> **EXERCISE INSTRUCTIONS**: Starting with the first line below, extract each line through the one that contains "from ezdxf.enums import", inclusive, excluding pictures.

=======

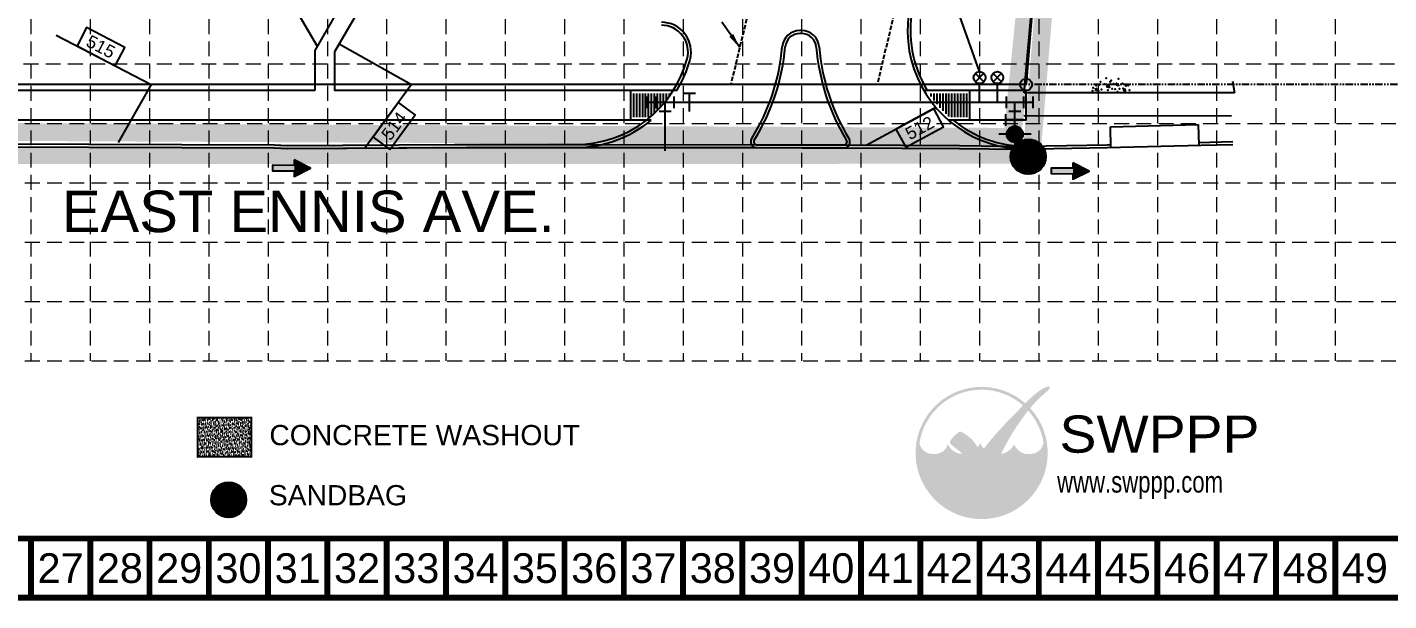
# Model space of a CAD drawing. Header units: inches. Extents: x -9366 to -8725, y -7062 to -6661.
# Drawn here: x -9096.4 to -8866.8, y -7062.1 to -6965.5 of the extents above; entities that cross this region are included whole.
import ezdxf
from ezdxf.enums import TextEntityAlignment as Align

# ---------------------------------------------------------------- set-up
doc = ezdxf.new("R2010")
doc.units = ezdxf.units.IN
doc.header["$MEASUREMENT"] = 0
for name, pattern in [('DASHED', [0.75, 0.5, -0.25]), ('HIDDEN', [0.375, 0.25, -0.125]), ('MEDDASH', [1, 0.75, -0.25]), ('PHANTOM', [2.5, 1.25, -0.25, 0.25, -0.25, 0.25, -0.25])]:
    doc.linetypes.add(name, pattern=pattern)
for name, color, linetype in [('ADJOINERS', 7, 'PHANTOM'), ('ARROWS', 252, 'Continuous'), ('BASE', 7, 'Continuous'), ('BOUNDARY', 1, 'Continuous'), ('EC', 7, 'DASHED'), ('ECURB', 2, 'Continuous'), ('FH', 7, 'Continuous'), ('FIRELANE', 2, 'MEDDASH'), ('FLOW', 7, 'Continuous'), ('GRID', 254, 'HIDDEN'), ('LEGEND', 7, 'Continuous'), ('LIMITS OF DISTURBANCE', 1, 'HIDDEN'), ('LOGO', 7, 'Continuous'), ('PCONT', 3, 'Continuous'), ('PCURB', 6, 'Continuous'), ('PSW', 7, 'Continuous'), ('PWAT', 3, 'Continuous'), ('SERVICES', 6, 'Continuous'), ('STNAME', 1, 'Continuous')]:
    doc.layers.add(name, color=color, linetype=linetype)
doc.styles.add("L200'", font='ARIAL.TTF', dxfattribs={"height": 0.001969})
doc.styles.add('LOGO1', font='ROCKEB.TTF', dxfattribs={"height": 25})
doc.styles.get("Standard").update_dxf_attribs({"font": 'ARIAL.TTF'})
doc.styles.add('TEXT100', font='simplex.shx', dxfattribs={"height": 1.76})
doc.dimstyles.get("Standard").update_dxf_attribs({"dimtxt": 0.18, "dimasz": 0.18, "dimexe": 0.18, "dimexo": 0.0625, "dimgap": 0.09, "dimtad": 0, "dimtih": 1, "dimtoh": 1, "dimdec": 4, "dimzin": 0, "dimdsep": 46, "dimtxsty": 'Standard', "dimcen": 0.09, "dimadec": 0, "dimazin": 0, "dimtfac": 1, "dimtdec": 4, "dimtofl": 0, "dimtmove": 0, "dimatfit": 3, "dimfxl": 0, "dimtolj": 1, "dimtzin": 0, "dimarcsym": 0})

# ---------------------------------------------------------------- blocks, each defined once
blk = doc.blocks.new('FP')
at = {"linetype": 'Continuous'}
for p, q in [((0, 0.0547), (0, 0.1094)), ((-0.1094, 0), (-0.0547, 0)), ((0.0547, 0), (0.1094, 0))]:
    blk.add_line(p, q, dxfattribs=at)
blk.add_circle((0, 0), 0.0547, dxfattribs=at)
blk = doc.blocks.new('new logo')
at = {"layer": 'LOGO'}
h = blk.add_hatch(color=170, dxfattribs=at)
h.paths.add_polyline_path([(67.4, 44.1), (66.8, 44.7), (66.3, 45.2), (66, 45.8), (65.5, 46.4), (65.1, 47.2), (64.7, 47.9), (64.4, 48.5), (64.2, 49), (63.9, 49.6), (63.7, 50.1), (63.3, 51), (62.9, 52), (62.6, 52.8), (62.4, 53.3), (62.2, 53.7), (62.1, 54.2), (61.9, 54.7), (61.7, 55.2), (61.5, 55.7), (61.3, 56.3), (61, 56.8), (60.8, 57.4), (60.5, 57.9), (60.2, 58.5), (60, 59.1), (59.7, 59.6), (59.3, 60.2), (59, 60.8), (58.7, 61.3), (58.3, 61.9), (58, 62.4), (57.6, 62.9), (57.3, 63.4), (56.9, 63.9), (56.6, 64.3), (56.3, 64.7), (55.9, 65.1), (55.6, 65.5), (55.2, 65.9), (54.9, 66.2), (54, 66.2), (52.9, 66.3), (52, 66.5), (51.5, 66.6), (50.9, 66.8), (50.3, 67), (49.4, 67.4), (48.3, 67.9), (47.3, 68.6), (46.5, 69.3), (45.7, 70), (45, 70.8), (44.4, 71.5), (44, 72.2), (43.6, 72.7), (43.4, 72.9), (43.2, 73.2), (43.1, 73.4), (43, 73.5), (42.8, 73.7), (42.7, 73.7), (42.7, 73.8), (42.6, 73.8), (42.5, 73.7), (42.5, 73.6), (42.4, 73.5), (42.4, 73.4), (42.3, 73.2), (42.2, 72.8), (42, 72.1), (41.7, 71.5), (41.4, 70.9), (41, 70.3), (40.5, 69.8), (40, 69.2), (39.4, 68.7), (38.8, 68.2), (38.1, 67.7), (37.3, 67.3), (36.5, 66.9), (35.7, 66.6), (34.9, 66.3), (34, 66.1), (33, 66), (31.9, 65.9), (30.8, 65.9), (29.6, 65.9), (28.6, 66), (27.6, 66.1), (26.7, 66.4), (25.8, 66.7), (25, 67.1), (24.1, 67.6), (23.2, 68.2), (22.4, 68.9), (21.8, 69.5), (21.4, 69.9), (21, 70.4), (20.6, 70.9), (20.2, 71.5), (19.9, 72.1), (19.5, 72.9), (19.2, 73.8), (18.9, 74.8, -0.595729), (106.3, 106.8), (107, 107.5), (107.5, 108), (108.1, 108.6, 37.93689), (112.3, 104.5), (112.1, 104.2), (111.6, 103.7), (111.1, 103.1), (110.6, 102.5, -0.146449), (123.6, 75), (123.3, 74.5), (123.1, 74), (122.9, 73.5), (122.8, 73.1), (122.5, 72.4), (122.2, 71.7), (121.9, 71.1), (121.5, 70.5), (121.1, 70), (120.7, 69.5), (120.2, 69), (119.6, 68.6), (119, 68.1), (118.4, 67.7), (117.8, 67.4), (117.1, 67), (116.5, 66.7), (115.8, 66.5), (115, 66.3), (114.3, 66.1), (113.5, 66), (112.7, 65.9), (111.9, 65.8), (111.1, 65.8), (110.3, 65.8), (109.4, 65.9), (108.6, 66), (107.7, 66.2), (106.8, 66.4), (105.9, 66.7), (105.1, 67.1), (104.3, 67.5), (103.5, 68), (102.8, 68.6), (102.1, 69.3), (101.4, 70), (100.8, 70.7), (100.2, 71.4), (99.8, 72), (99.5, 72.5), (99.4, 72.8), (99.3, 73), (99.1, 73.2), (99, 73.4), (98.9, 73.5), (98.8, 73.6), (98.7, 73.6), (98.6, 73.6), (98.5, 73.5), (98.4, 73.4), (98.4, 73.3), (98.3, 73.2), (98.2, 73), (98.1, 72.8), (97.8, 72.4), (97.4, 71.8), (96.9, 71.1), (96.4, 70.5), (95.9, 70.1), (95.4, 69.6), (94.8, 69.1), (94.2, 68.6), (93.5, 68.2), (92.8, 67.7), (91.9, 67.3), (91, 66.9), (90.1, 66.6), (89.4, 66.4), (88.6, 66.2), (87.8, 66.1), (87.6, 65.6), (87.4, 65.1), (87.1, 64.4), (86.9, 63.8), (86.6, 63), (86.3, 62.2), (85.9, 61.3), (85.6, 60.4), (85.3, 59.5), (84.9, 58.6), (84.6, 57.7), (84.2, 56.7), (83.9, 55.8), (83.5, 54.9), (83.2, 54), (82.9, 53.2), (82.6, 52.4), (82.3, 51.6), (82.1, 51), (81.9, 50.3), (81.6, 49.8), (81.3, 48.9), (80.9, 48.1), (80.5, 47.3), (80.1, 46.6), (79.6, 45.9), (79.1, 45.4), (78.6, 44.8), (78.1, 44.3), (77.6, 43.9), (77, 43.5), (76.5, 43.1), (75.9, 42.8), (75.3, 42.6), (74.6, 42.3), (73.7, 42.1), (73, 41.9), (72.2, 41.9), (71.6, 42), (70.9, 42.2), (70.1, 42.5), (69.4, 42.8), (68.7, 43.1), (68, 43.5)])
h.paths.add_polyline_path([(71.8, 72), (70.7, 73.9), (70.1, 75.2), (69.7, 74.3), (68.7, 72.6), (67.9, 71.7), (67.9, 71.5), (68.1, 71.2), (68.3, 71), (68.4, 70.8), (68.5, 70.6), (68.7, 70.4), (68.8, 70.2), (68.9, 70.1), (69, 70), (69.1, 69.8), (69.3, 69.7), (69.4, 69.7), (69.5, 69.6), (69.6, 69.5), (69.7, 69.5), (69.8, 69.4), (69.9, 69.4), (70.1, 69.3), (70.2, 69.3), (70.3, 69.2), (70.4, 69.2), (70.5, 69.2), (70.6, 69.2), (70.8, 69.2), (70.9, 69.2), (71, 69.2), (71.1, 69.2), (71.2, 69.2), (71.3, 69.2), (71.4, 69.2), (71.5, 69.2), (71.6, 69.2), (71.7, 69.3), (71.8, 69.3), (71.9, 69.3), (72, 69.4), (72.1, 69.5), (72.2, 69.5), (72.3, 69.6), (72.5, 69.6), (72.6, 69.7), (72.7, 69.8), (72.8, 69.9), (72.9, 70), (73, 70.1), (73.1, 70.2), (73.2, 70.3), (73.3, 70.4), (72.5, 71.1)], flags=17)
blk.add_hatch(color=240, dxfattribs=at).paths.add_polyline_path([(117.7, 117.3), (118.9, 118.2), (119.8, 118.9), (120.6, 119.5), (121.3, 119.9), (121.9, 120.3), (122.4, 120.6), (122.8, 120.9), (123.1, 121.1), (123.4, 121.3), (123.7, 121.4), (124, 121.6), (124.2, 121.7), (124.4, 121.8), (124.6, 121.9), (124.8, 121.9), (125, 122), (125.2, 122.1), (125.4, 122.2), (125.6, 122.2), (125.8, 122.3), (125.9, 122.4), (126.1, 122.4), (126.3, 122.5), (126.4, 122.5), (126.6, 122.6), (126.7, 122.6), (126.8, 122.7), (126.9, 122.7), (127.1, 122.7), (127.2, 122.8), (127.3, 122.8), (127.4, 122.8), (127.5, 122.8), (127.6, 122.8), (127.7, 122.8), (127.8, 122.8), (127.9, 122.8), (128, 122.8), (128.1, 122.8), (128.1, 122.8), (128.2, 122.8), (128.3, 122.8), (128.4, 122.8), (128.4, 122.7), (128.5, 122.7), (128.5, 122.7), (128.6, 122.7), (128.6, 122.6), (128.7, 122.6), (128.7, 122.6), (128.7, 122.5), (128.7, 122.5), (128.8, 122.4), (128.8, 122.4), (128.8, 122.3), (128.8, 122.3), (128.8, 122.2), (128.8, 122.1), (128.8, 122.1), (128.8, 122), (128.8, 121.9), (128.8, 121.8), (128.8, 121.8), (128.8, 121.7), (128.8, 121.6), (128.7, 121.5), (128.7, 121.4), (128.7, 121.3), (128.6, 121.3), (128.6, 121.2), (128.5, 121.1), (128.4, 121), (128.4, 120.8), (128.3, 120.7), (128.2, 120.6), (128.1, 120.4), (128, 120.3), (127.8, 120.1), (127.7, 120), (127.6, 119.8), (127.4, 119.6), (127.3, 119.4), (127.1, 119.2), (126.8, 119), (126.6, 118.8), (126.3, 118.5), (125.9, 118.2), (125.5, 117.9), (125.1, 117.5), (124.6, 117), (124, 116.6), (123.5, 116.1), (122.9, 115.6), (122.3, 115.1), (121.7, 114.5), (121.1, 114), (120.6, 113.5), (120, 113), (119.5, 112.5), (119, 112), (118.5, 111.5), (118, 111), (117.5, 110.5), (117, 109.9), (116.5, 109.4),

=======

> **FINISHED EXERCISE**:
# Model space of a CAD drawing. Header units: inches. Extents: x -9366 to -8725, y -7062 to -6661.
# Drawn here: x -9096.4 to -8866.8, y -7062.1 to -6965.5 of the extents above; entities that cross this region are included whole.
import ezdxf
from ezdxf.enums import TextEntityAlignment as Align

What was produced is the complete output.